- WHAT THE TASK ASKS
Read the data below line by line and copy each one with "Total" in it.
########
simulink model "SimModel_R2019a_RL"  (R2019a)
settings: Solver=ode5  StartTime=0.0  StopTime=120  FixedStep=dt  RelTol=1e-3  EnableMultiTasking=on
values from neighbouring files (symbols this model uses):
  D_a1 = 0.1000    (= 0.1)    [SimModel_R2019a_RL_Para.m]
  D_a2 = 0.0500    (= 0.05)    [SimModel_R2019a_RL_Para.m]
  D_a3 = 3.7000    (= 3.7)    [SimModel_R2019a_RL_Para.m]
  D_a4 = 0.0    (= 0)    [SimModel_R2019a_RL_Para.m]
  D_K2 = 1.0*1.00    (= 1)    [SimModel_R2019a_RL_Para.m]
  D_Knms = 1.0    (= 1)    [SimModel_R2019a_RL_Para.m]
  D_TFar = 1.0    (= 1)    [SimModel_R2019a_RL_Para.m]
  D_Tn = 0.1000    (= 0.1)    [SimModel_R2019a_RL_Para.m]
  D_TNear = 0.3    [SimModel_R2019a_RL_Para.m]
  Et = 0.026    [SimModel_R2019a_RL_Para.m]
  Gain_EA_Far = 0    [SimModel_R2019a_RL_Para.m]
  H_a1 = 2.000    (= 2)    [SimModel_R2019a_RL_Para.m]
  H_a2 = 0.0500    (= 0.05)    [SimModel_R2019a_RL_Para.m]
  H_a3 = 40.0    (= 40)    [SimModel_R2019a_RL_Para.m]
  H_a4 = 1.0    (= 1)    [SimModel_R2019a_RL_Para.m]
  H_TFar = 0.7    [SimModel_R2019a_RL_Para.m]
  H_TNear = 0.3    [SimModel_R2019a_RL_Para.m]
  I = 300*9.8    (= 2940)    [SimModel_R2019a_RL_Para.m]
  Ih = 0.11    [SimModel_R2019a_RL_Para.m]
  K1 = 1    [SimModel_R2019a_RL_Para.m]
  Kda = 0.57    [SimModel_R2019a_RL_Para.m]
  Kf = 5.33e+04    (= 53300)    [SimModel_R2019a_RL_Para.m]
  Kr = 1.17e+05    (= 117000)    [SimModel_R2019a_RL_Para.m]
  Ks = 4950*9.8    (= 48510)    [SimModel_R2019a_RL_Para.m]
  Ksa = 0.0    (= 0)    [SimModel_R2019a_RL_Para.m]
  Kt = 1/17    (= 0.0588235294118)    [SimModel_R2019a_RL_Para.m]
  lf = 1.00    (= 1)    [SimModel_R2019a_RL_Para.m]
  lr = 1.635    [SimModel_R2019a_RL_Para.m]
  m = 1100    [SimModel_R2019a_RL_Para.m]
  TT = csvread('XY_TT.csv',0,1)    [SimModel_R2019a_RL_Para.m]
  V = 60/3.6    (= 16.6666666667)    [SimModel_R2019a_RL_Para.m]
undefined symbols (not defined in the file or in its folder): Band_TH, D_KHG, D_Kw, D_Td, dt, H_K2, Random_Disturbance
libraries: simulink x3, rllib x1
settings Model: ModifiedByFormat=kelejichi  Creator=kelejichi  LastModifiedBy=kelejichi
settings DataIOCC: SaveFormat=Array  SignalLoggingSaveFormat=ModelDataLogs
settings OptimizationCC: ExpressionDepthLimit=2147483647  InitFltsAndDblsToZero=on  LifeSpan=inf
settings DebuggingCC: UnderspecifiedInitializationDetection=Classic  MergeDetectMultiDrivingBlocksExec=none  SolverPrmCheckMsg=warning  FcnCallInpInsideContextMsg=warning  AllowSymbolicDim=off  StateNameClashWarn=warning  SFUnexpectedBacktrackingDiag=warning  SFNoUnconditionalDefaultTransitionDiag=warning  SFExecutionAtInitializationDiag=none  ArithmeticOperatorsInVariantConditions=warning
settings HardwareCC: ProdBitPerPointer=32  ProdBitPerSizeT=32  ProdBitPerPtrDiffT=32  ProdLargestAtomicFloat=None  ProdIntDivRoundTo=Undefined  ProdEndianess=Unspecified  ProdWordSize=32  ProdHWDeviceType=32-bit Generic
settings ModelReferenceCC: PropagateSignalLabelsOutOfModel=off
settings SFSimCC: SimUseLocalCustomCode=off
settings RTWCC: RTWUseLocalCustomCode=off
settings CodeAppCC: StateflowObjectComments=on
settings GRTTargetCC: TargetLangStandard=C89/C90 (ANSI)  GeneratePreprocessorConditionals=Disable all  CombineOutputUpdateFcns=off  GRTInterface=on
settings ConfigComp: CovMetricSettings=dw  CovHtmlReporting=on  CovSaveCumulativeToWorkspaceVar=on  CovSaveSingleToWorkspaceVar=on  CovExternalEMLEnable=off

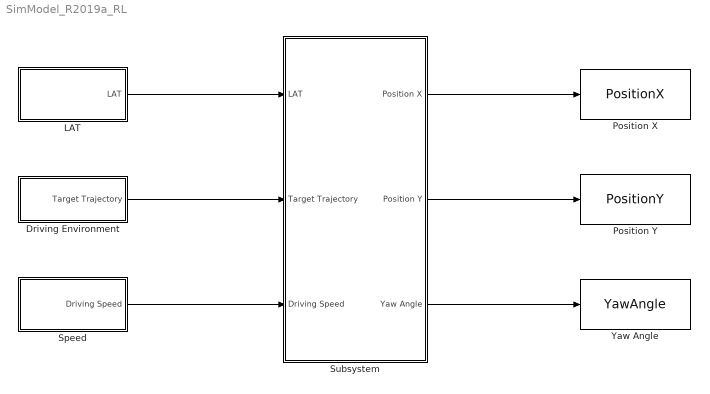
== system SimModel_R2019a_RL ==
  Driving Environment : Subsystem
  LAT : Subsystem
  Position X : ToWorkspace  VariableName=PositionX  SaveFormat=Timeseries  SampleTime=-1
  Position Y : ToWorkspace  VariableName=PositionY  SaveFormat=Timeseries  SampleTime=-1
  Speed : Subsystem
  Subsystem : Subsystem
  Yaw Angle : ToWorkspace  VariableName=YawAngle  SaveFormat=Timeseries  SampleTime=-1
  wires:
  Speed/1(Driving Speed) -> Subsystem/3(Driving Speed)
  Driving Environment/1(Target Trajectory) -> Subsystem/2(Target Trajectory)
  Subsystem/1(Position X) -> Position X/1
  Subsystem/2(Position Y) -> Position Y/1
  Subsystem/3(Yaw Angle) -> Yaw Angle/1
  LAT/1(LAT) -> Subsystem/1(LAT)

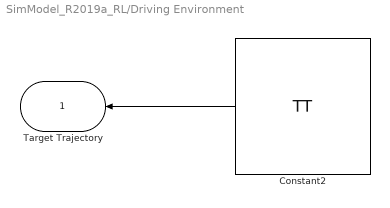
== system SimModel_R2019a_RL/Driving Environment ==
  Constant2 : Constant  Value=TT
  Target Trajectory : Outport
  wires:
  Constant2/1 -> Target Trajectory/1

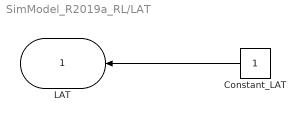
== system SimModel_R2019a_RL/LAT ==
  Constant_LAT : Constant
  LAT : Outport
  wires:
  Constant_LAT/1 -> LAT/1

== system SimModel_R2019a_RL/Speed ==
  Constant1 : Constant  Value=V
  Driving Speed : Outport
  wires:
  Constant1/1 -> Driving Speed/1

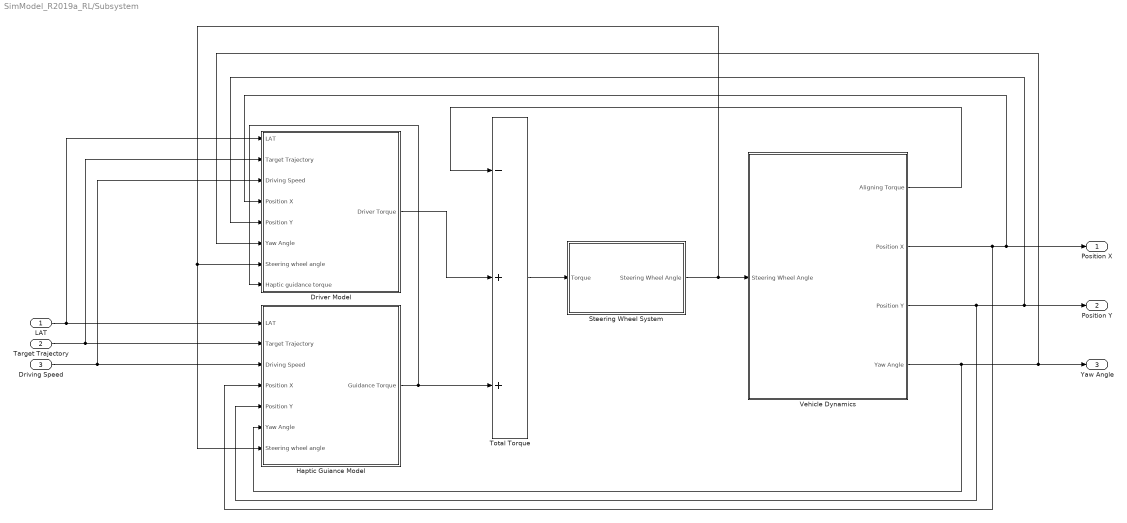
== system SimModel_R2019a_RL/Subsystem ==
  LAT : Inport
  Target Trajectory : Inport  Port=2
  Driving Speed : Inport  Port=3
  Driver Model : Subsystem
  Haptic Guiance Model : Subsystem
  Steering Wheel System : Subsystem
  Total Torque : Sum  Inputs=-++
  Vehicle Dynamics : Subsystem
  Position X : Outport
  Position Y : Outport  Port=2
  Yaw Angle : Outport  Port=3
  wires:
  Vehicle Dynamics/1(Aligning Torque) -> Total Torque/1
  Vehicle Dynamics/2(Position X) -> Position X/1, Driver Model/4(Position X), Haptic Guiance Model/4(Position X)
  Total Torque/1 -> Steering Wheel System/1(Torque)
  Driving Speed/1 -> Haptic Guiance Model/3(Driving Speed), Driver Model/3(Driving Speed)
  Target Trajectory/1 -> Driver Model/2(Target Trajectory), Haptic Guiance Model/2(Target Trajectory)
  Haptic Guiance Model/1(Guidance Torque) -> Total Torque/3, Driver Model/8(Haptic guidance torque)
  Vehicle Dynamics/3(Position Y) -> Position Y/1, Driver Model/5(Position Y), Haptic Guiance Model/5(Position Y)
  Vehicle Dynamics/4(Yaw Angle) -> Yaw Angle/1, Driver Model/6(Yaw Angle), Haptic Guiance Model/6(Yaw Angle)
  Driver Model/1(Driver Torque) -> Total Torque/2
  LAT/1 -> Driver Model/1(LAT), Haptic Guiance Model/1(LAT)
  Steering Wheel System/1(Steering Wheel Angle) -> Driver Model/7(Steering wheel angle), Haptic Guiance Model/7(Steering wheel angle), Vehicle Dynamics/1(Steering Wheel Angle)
########
- WRITTEN REPLY
  Total Torque : Sum  Inputs=-++
  Vehicle Dynamics/1(Aligning Torque) -> Total Torque/1
  Total Torque/1 -> Steering Wheel System/1(Torque)
  Haptic Guiance Model/1(Guidance Torque) -> Total Torque/3, Driver Model/8(Haptic guidance torque)
  Driver Model/1(Driver Torque) -> Total Torque/2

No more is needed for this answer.